5.4 Process Simulation
Trials Process Simulation Trials (PST) are also referred to as Sterile Media fills, Broth trials, or Media fills. Requirements for the validation of aseptic sterile processing, including process simulation trials are indicated in technical monographs. Written procedures are required indicating how these requirements are enacted, and should address the following: Justification must be provided where process simulations of development processes are allowable using a filling run of less than 3000 containers (eg small batch sizes), or where a PST matrix approach may be used to support the filling of a range of container sizes. All anticipated process interventions must be defined and simulated during PSTs.
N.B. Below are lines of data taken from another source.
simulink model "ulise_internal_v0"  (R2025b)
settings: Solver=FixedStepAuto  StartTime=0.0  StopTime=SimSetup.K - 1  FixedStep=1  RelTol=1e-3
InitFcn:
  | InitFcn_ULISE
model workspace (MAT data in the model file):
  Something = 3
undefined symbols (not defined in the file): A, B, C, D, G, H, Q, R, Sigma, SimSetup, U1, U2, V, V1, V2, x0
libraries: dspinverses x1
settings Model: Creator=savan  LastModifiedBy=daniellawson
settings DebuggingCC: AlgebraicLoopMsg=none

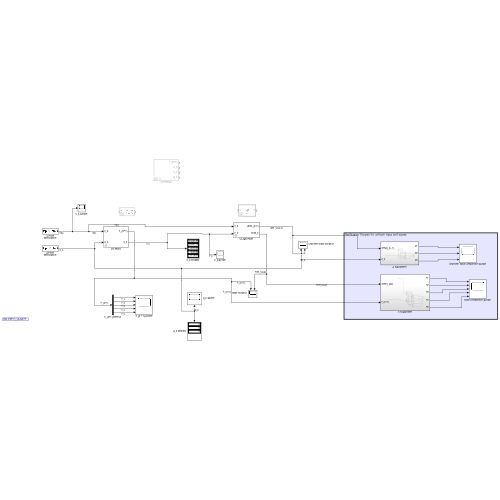
[thumbnail: Simulink's stored preview of the top-level diagram]
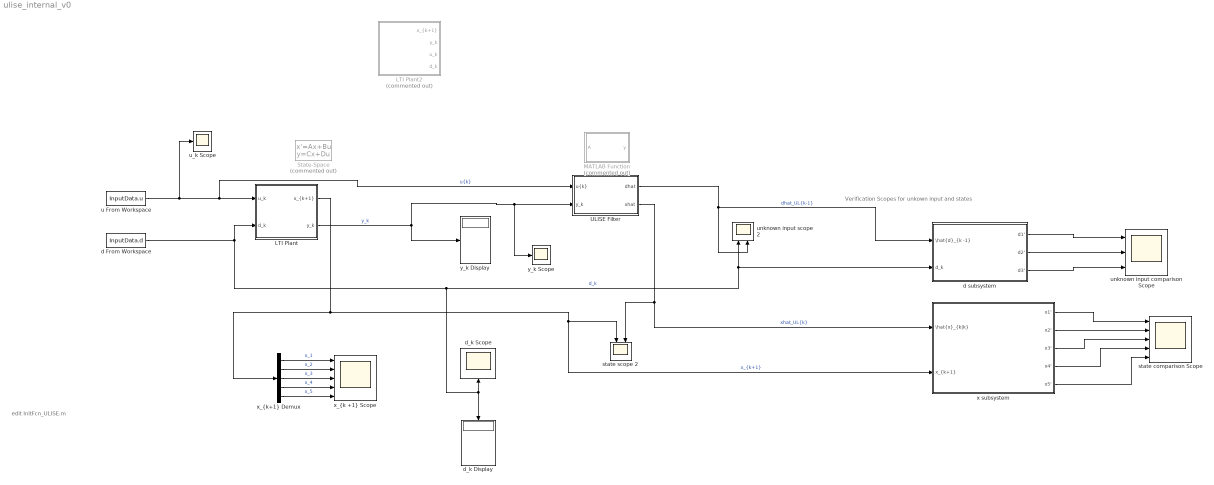
== system ulise_internal_v0 ==
  note: edit InitFcn_ULISE.m
  note: Verification Scopes for unkown input and states
  " u From Workspace" : FromWorkspace  VariableName=InputData.u  SampleTime=SimSetup.Ts  Interpolate=off  OutputAfterFinalValue=Holding final value
  LTI Plant : Subsystem  mask{x0=x0, Ts=SimSetup.Ts}
      mask prompts: x0 "Initial states x[0]:"; Ts "Sample Time (-1 for Inherited):"
      mask help:
      | Simulate the states and measurements of a discrete-time, time-invariant linear system of the form
      |
      | x[k+1] = Ax[k] + Bu[k] + Gd[k]
      | y[k] = Cx[k] + Du[k] + Hd[k].
      mask DialogControl DescGroupVar Prompt: Plant
      mask DialogControl InitialConditions Prompt: Initial Conditions
      mask Display:
      | port_label('input', 1, 'u_k');
      | port_label('input', 2, 'd_k');
      | port_label('output', 1, 'x_{k+1}');
      | port_label('output', 2, 'y_k');
  LTI Plant2 : Subsystem  Commented=on  mask{x0=x0, Ts=SimSetup.Ts}
      mask prompts: x0 "Initial states x[0]:"; Ts "Sample Time (-1 for Inherited):"
      mask help: Simulate the states and measurements of a discrete-time, time-invariant linear system. The user-defined known and unknown inputs are also returned.
      mask DialogControl DescGroupVar Prompt: Plant
      mask DialogControl InitialConditions Prompt: Initial Conditions
      mask Display:
      | port_label('output', 1, 'x_{k+1}');
      | port_label('output', 2, 'y_k');
      | port_label('output', 3, 'u_k');
      | port_label('output', 4, 'd_k');
  MATLAB Function : MATLAB Function  Commented=on  TreatAsAtomicUnit=on
  State-Space : StateSpace  Commented=on  InitialCondition=0
  ULISE Filter : Subsystem  mask{Ts=-1}
      mask prompts: Ts "Sample time (-1 for Inherited):"
      mask help: Estimates the states and unknown inputs of a discrete-time, time-invariant linear system. The states are estimated with a zero-step delay, while the unknown inputs are estimated with a one-step delay.
      mask DialogControl DescGroupVar Prompt: ULISE Filter
      mask Display:
      | port_label('input', 1, 'u_k');
      | port_label('input', 2, 'y_k');
      | port_label('output', 1, 'dhat_{k-1}');
      | port_label('output', 2, 'xhat_k');
  d From Workspace : FromWorkspace  VariableName=InputData.d  SampleTime=SimSetup.Ts  Interpolate=off  OutputAfterFinalValue=Holding final value
  d subsystem : Subsystem
  d_k Display : Display
  d_k Scope : Scope
      settings: ActiveDisplayYMinimum=-3.75  ActiveDisplayYMaximum=3.75
  state comparison Scope : Scope  NumInputPorts=5
      settings: ActiveDisplayString=5  ActiveDisplayYMinimum=-0.034557973978604738  ActiveDisplayYMaximum=0.034947051285830096  YLabel=x_5  DataLoggingVariableName=ScopeData7
  state scope 2 : Scope  NumInputPorts=2
      settings: ActiveDisplayYMinimum=-1  ActiveDisplayYMaximum=1  DataLoggingVariableName=ScopeData9
  u_k Scope : Scope
      settings: ActiveDisplayYMinimum=-0.9712898122759519  ActiveDisplayYMaximum=0.99793476405615489  DataLoggingVariableName=ScopeData2
  unknown input comparison Scope : Scope  NumInputPorts=3
      settings: ActiveDisplayString=3  ActiveDisplayYMinimum=-5.0027563624884559  ActiveDisplayYMaximum=4.879938565566035  YLabel=d_3  DataLoggingVariableName=ScopeData8
  unknown input scope 2 : Scope  NumInputPorts=2
      settings: ActiveDisplayYMinimum=-3.75  ActiveDisplayYMaximum=3.75  DataLoggingVariableName=ScopeData10
  x subsystem : Subsystem
  "x_{k +1} Scope" : Scope  NumInputPorts=5
      settings: Title=%<SignalLabel> vs. time  ActiveDisplayYMinimum=-3.2438704596017818  ActiveDisplayYMaximum=10.248440676542884  YLabel=x_1  DataLoggingVariableName=ScopeData4
  "x_{k+1} Demux" : Demux  Outputs=size(A,1)
  y_k Display : Display
  y_k Scope : Scope
      settings: ActiveDisplayYMinimum=-7.4398331257700985  ActiveDisplayYMaximum=13.958793119448332
  wires:
  x subsystem/1(x1') -> state comparison Scope/1
  x subsystem/2(x2') -> state comparison Scope/2
  x subsystem/3(x3') -> state comparison Scope/3
  x subsystem/4(x4') -> state comparison Scope/4
  x subsystem/5(x5') -> state comparison Scope/5
  d subsystem/1(d1') -> unknown input comparison Scope/1
  d subsystem/2(d2') -> unknown input comparison Scope/2
  d subsystem/3(d3') -> unknown input comparison Scope/3
  ULISE Filter/2(xhat) -> x subsystem/1("\\hat{x}_{k|k}"), state scope 2/2  "xhat_UL{k}"
  ULISE Filter/1(dhat) -> d subsystem/1("\\hat{d}_{k -1}"), unknown input scope 2/2  "dhat_UL{k-1}"
  " u From Workspace"/1 -> u_k Scope/1, LTI Plant/1(u_k), ULISE Filter/1("u{k}")  "u{k}"
  LTI Plant/2(y_k) -> y_k Display/1, y_k Scope/1, ULISE Filter/2(y_k)  "y_k"
  "x_{k+1} Demux"/1 -> "x_{k +1} Scope"/1  "x_1"
  "x_{k+1} Demux"/2 -> "x_{k +1} Scope"/2  "x_2"
  "x_{k+1} Demux"/4 -> "x_{k +1} Scope"/4  "x_4"
  "x_{k+1} Demux"/3 -> "x_{k +1} Scope"/3  "x_3"
  "x_{k+1} Demux"/5 -> "x_{k +1} Scope"/5  "x_5"
  LTI Plant/1("x_{k+1}") -> "x_{k+1} Demux"/1, x subsystem/2("x_{k+1}"), state scope 2/1  "x_{k+1}"
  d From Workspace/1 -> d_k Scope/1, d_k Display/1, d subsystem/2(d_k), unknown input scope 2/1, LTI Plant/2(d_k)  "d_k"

All processing steps, including those performed post-sterilization, must be used. Process simulations, once complete, must be fully incubated and assessed. Circumstances under which a PST, once commenced, may or may not be terminated (i.e. PST cancellation policy) must be in place.
Circumstances under which a satisfactorily filled unit can or cannot be discarded (i.e. container discard policy) must be described in procedures. Normally only containers identified as broken must be excluded from incubation after filling.
All units which have been satisfactorily filled and closed must be incubated. ‘In-process’ checks must be simulated where appropriate, but filled containers must generally not be discarded unless they were not satisfactorily filled and closed. It may be beneficial to have trained observers who are independent from the production team monitor the PST, or portion of it.
Written observations may be helpful in routinely providing feedback to operators in terms of good or poor aseptic techniques, or otherwise may provide valuable in the event of a PST failure. Consideration should be given to overlaying filled containers with compressed air rather than Nitrogen to avoid the production of anaerobic conditions preventing microbiological growth in a contaminated container. Any contaminated unit must be investigated.
5.5 Sterility Testing
Specific guidance for microbiological laboratories is given in the FDA ‘Guideline on Sterile Drug Products Produced by Aseptic Processing’. Collection of batch samples for sterility testing must follow established sampling plans to ensure that the containers chosen are representative of the critical parts of the process or sterilizer load. The microbiological testing laboratory environment for sterility testing of aseptically manufactured products must employ facilities, controls and monitoring comparable to those used for filling/closing operations.